Articles | Volume 6, issue 11
Biogeosciences, 6, 2461–2473, 2009
https://doi.org/10.5194/bg-6-2461-2009

Special issue: Greenhouse gas exchanges, carbon balances and processes of...

Biogeosciences, 6, 2461–2473, 2009
https://doi.org/10.5194/bg-6-2461-2009

  05 Nov 2009

05 Nov 2009

Nitrous oxide production in boreal soils with variable organic matter content at low temperature – snow manipulation experiment

M. Maljanen1,*, P. Virkajärvi2, J. Hytönen3, M. Öquist4, T. Sparrman5, and P. J. Martikainen1 M. Maljanen et al.
  • 1University of Kuopio, Department of Environmental Science, P.O. Box 1627, 70211 Kuopio, Finland
  • 2Agrifood Research Finland, Animal Production Research, Halolantie 31 A, 71750 Maaninka, Finland
  • 3Finnish Forest Research Institute, Kannus Research Unit, P.O. Box 44, 69101 Kannus, Finland
  • 4Swedish University of Agricultural Sciences (SLU), Department of Forest Ecology and Management, Skogsmarksgränd, 90183 Umeå, Sweden
  • 5Umeå University, Department of Chemistry, 90187 Umeå, Sweden
  • *Renaming from 1 January 2010: University of Kuopio to University of Eastern Finland, marja.maljanen@uef.fi

Abstract.
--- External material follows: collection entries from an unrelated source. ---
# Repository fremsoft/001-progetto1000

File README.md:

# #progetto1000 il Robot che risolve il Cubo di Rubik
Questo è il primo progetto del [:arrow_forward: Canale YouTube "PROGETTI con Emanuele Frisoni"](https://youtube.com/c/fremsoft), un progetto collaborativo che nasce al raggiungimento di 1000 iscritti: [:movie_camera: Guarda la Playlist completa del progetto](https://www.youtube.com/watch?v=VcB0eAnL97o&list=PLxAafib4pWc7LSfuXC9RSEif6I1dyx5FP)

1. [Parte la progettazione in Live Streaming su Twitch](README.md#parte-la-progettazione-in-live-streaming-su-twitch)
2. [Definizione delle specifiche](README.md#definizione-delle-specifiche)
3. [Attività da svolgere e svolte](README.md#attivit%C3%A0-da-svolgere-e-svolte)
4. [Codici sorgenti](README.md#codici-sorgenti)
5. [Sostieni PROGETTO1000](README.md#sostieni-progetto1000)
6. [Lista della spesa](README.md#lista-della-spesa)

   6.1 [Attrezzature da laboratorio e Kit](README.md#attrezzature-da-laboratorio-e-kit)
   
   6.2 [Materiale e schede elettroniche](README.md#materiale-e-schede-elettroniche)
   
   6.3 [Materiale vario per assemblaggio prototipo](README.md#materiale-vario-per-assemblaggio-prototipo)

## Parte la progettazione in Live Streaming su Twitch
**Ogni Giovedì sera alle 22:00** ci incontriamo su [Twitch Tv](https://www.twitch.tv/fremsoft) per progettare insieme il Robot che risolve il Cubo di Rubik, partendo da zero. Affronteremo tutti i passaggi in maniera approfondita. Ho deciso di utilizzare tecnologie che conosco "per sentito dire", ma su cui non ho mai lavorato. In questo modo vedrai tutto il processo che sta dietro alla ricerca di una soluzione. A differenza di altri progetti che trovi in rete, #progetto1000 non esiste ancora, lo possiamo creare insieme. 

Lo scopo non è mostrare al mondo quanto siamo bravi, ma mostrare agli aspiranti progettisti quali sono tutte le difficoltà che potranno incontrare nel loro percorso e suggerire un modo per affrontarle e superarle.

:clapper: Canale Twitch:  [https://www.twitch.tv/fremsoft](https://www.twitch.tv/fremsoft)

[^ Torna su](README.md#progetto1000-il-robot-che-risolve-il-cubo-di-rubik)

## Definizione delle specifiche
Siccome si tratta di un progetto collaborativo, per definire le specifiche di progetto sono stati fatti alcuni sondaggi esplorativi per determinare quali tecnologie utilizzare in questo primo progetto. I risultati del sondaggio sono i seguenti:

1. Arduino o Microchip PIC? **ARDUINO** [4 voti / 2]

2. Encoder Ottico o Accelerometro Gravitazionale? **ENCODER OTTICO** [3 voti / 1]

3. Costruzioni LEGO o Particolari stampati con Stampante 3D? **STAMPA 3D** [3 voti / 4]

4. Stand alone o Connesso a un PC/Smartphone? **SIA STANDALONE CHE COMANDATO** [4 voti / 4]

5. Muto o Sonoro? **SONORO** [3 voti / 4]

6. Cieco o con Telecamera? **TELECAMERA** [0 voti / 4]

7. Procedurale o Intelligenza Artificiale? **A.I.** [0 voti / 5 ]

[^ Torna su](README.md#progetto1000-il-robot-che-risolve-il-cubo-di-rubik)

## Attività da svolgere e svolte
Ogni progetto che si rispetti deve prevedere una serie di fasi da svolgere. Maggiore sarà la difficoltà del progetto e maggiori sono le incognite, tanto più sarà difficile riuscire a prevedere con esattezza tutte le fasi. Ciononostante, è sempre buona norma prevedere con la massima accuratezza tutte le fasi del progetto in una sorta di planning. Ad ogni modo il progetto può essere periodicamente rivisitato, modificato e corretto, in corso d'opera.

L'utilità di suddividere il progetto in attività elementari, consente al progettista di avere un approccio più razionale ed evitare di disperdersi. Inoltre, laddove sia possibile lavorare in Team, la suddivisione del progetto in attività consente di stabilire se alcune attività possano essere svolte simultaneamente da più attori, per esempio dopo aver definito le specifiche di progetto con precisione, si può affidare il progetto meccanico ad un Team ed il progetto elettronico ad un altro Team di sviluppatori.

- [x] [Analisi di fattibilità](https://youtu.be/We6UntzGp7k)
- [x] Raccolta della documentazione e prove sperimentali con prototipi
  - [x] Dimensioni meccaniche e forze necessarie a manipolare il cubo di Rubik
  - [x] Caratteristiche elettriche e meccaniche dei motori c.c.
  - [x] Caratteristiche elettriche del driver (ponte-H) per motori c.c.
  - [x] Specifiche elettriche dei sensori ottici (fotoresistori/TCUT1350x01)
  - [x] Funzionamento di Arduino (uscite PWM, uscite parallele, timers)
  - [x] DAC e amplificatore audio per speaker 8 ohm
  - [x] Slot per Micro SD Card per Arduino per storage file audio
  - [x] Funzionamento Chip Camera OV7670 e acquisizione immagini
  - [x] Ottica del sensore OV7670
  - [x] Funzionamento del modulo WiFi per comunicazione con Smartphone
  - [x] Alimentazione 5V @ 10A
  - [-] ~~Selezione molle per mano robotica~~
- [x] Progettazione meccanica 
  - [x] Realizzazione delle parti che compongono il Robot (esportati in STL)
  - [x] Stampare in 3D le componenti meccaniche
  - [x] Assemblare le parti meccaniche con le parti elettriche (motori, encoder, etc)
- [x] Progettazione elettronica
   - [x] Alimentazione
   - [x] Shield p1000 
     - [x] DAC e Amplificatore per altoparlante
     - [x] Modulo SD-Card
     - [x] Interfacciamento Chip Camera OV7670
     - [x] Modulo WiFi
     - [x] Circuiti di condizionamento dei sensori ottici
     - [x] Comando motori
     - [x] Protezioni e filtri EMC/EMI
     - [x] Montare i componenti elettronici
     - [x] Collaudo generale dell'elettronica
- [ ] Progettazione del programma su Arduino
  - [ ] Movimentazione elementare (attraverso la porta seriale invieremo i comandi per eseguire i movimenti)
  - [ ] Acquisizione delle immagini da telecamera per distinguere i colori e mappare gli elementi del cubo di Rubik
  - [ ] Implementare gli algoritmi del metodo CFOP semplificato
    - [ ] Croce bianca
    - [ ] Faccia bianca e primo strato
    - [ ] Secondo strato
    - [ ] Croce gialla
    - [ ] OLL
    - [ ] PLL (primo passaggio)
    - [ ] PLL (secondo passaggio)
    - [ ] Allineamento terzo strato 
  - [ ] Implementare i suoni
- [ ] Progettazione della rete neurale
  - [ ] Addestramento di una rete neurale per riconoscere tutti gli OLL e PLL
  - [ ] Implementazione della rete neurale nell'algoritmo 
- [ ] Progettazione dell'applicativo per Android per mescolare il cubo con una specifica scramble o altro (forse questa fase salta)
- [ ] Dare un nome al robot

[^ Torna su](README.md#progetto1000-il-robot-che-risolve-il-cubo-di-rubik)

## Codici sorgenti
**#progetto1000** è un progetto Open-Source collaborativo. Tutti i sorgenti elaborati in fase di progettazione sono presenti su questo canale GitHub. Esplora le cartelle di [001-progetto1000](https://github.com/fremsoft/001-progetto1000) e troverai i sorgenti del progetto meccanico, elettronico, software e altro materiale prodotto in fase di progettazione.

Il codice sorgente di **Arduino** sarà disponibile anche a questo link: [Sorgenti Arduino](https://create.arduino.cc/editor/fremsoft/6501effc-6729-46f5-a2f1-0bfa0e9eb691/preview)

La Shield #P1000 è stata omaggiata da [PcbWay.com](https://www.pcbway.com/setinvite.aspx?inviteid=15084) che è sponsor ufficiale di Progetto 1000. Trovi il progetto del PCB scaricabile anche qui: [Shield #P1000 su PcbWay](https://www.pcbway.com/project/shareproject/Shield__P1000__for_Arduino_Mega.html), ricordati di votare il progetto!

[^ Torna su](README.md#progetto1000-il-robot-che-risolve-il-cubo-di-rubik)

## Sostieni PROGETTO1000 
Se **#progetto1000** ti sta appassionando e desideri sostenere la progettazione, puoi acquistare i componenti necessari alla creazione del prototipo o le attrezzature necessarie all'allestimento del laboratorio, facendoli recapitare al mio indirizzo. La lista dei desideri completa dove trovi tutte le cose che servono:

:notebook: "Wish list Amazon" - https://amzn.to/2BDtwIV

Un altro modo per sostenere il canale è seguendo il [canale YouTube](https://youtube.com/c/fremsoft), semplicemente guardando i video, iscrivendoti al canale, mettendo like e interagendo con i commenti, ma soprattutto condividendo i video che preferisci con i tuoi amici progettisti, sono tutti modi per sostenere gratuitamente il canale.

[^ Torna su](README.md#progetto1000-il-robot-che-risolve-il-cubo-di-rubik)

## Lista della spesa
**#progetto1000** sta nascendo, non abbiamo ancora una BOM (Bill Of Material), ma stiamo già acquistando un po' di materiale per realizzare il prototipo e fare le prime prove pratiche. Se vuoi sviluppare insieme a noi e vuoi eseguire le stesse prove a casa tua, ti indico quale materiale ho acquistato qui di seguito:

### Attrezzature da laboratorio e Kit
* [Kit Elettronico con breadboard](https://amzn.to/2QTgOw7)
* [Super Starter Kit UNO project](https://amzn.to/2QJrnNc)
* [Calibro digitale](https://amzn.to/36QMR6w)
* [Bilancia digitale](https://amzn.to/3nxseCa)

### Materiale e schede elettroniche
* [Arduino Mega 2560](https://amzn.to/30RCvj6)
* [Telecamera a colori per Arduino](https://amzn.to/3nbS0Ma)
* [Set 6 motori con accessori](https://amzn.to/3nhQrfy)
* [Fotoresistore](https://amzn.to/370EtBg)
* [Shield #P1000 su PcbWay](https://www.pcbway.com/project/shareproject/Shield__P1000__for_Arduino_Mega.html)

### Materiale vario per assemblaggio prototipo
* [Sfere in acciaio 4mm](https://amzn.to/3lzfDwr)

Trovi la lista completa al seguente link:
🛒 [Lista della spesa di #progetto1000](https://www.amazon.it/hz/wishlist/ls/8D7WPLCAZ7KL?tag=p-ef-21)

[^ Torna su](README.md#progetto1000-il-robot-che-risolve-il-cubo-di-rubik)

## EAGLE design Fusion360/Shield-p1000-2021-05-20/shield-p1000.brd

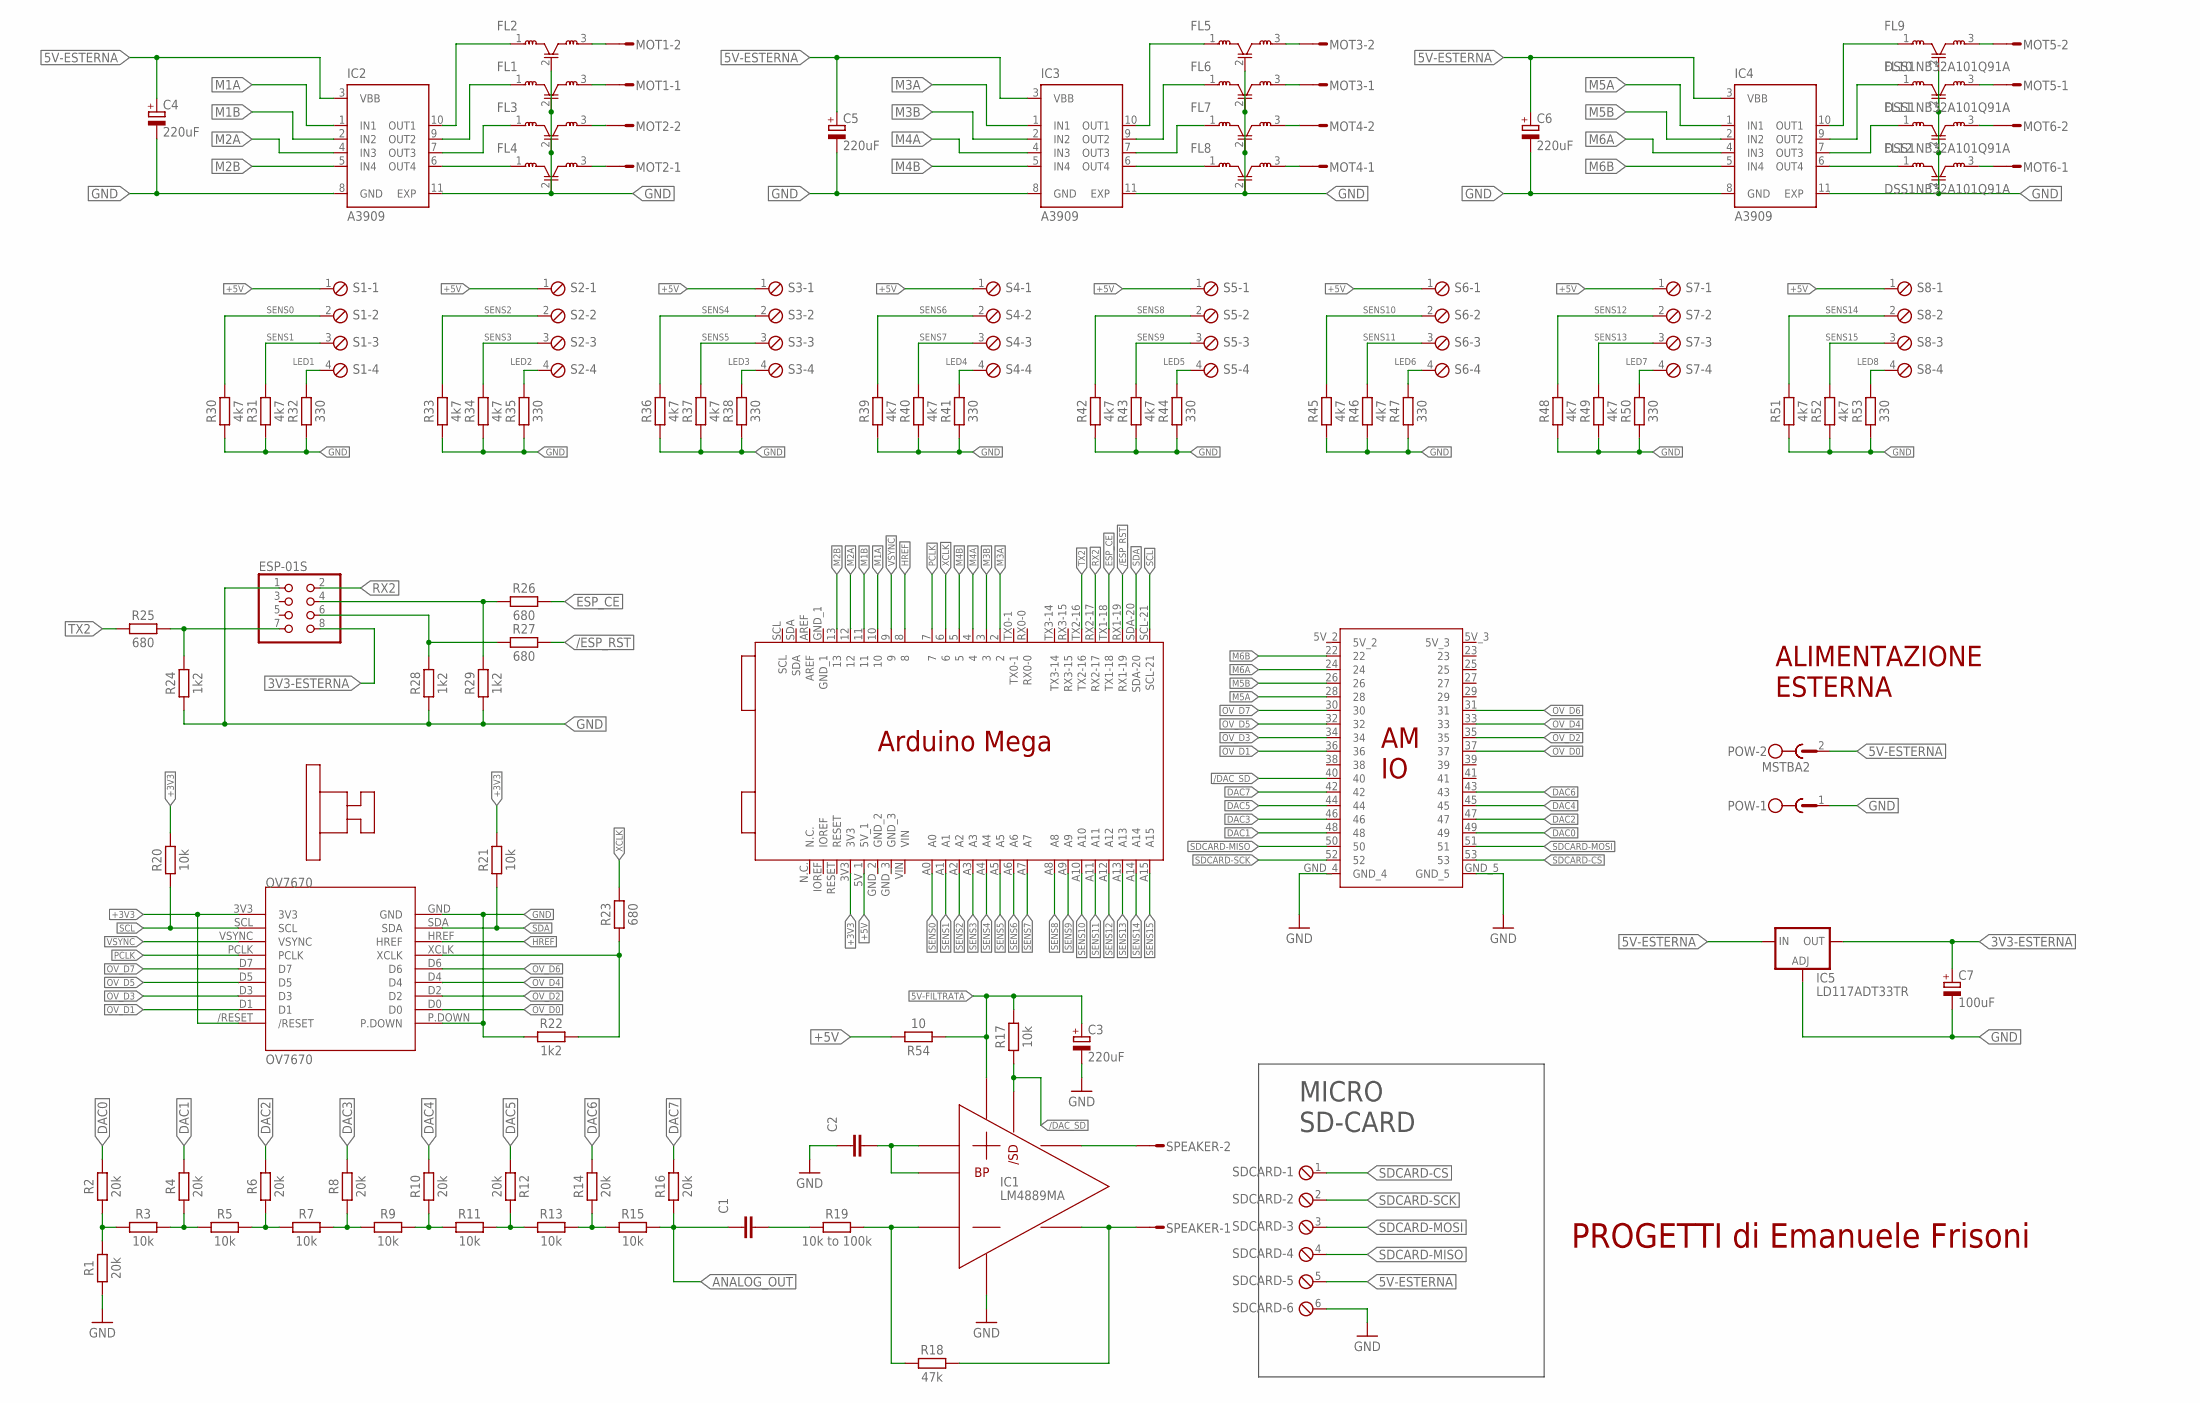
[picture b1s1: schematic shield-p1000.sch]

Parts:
ARDUINO-MEGA1: ARDUINO-MEGA-SH
C1, C2: 1uF; CAPC1608X85
C3, C4, C5, C6: 220uF; E3,5-10
C7: 100uF; E3,5-10
ESP-01S: PINHD-2X4; 2X04
FL1, FL2, FL3, FL4, FL5, FL6, FL7, FL8, FL9, FL10, FL11, FL12: DSS1NB32A101Q91A; RADIAL-3
IC1: LM4889MA; SOIC127P599X175-8N
IC2, IC3, IC4: A3909; 10-MSOP
IC5: LD117ADT33TR; DPACK
MOT1, MOT2, MOT3, MOT4, MOT5, MOT6: S02P
OV7670: OV7670; OV7670-HEADER
POW: MSTBA2
R1, R2, R4, R6, R8, R10, R12, R14, R16: 20k; RESC1608X60
R3, R5, R7, R9, R11, R13, R15, R17, R20, R21: 10k; RESC1608X60
R18: 47k; RESC1608X60
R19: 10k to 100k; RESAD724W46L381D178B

Agricultural soils are the most important sources for the greenhouse gas nitrous oxide (N2O), which is produced and emitted from soils also at low temperatures. The processes behind emissions at low temperatures are still poorly known. Snow is a good insulator and it keeps soil temperature rather constant. To simulate the effects of a reduction in snow depth on N2O emission in warming climate, snow pack was removed from experimental plots on three different agricultural soils (sand, mull, peat). Removal of snow lowered soil temperature and increased the extent and duration of soil frost in sand and mull soils. This led to enhanced N2O emissions during freezing and thawing events. The cumulative emissions during the first year when snow was removed over the whole winter were 0.25, 0.66 and 3.0 g N2O-N m−2 yr−1 in control plots of sand, mull and peat soils, respectively. In the treatment plots, without snow cover, the respective cumulative emissions were 0.37, 1.3 and 3.3 g N2O-N m−2 yr−1. Shorter snow manipulation during the second year did not increase the annual emissions. Only 20% of the N2O emission occurred during the growing season. Thus, these results highlight the importance of the winter season for this exchange and that the year-round measurements of annual N2O emissions from boreal soils are integral for estimating their N2O source strength. N2O accumulated in the frozen soil during winter and the soil N2O concentration correlated with the depth of frost but not with the winter N2O emission rates per se. Also laboratory incubations of soil samples showed high production rates of N2O at temperatures below 0°C, especially in the sand and peat soils.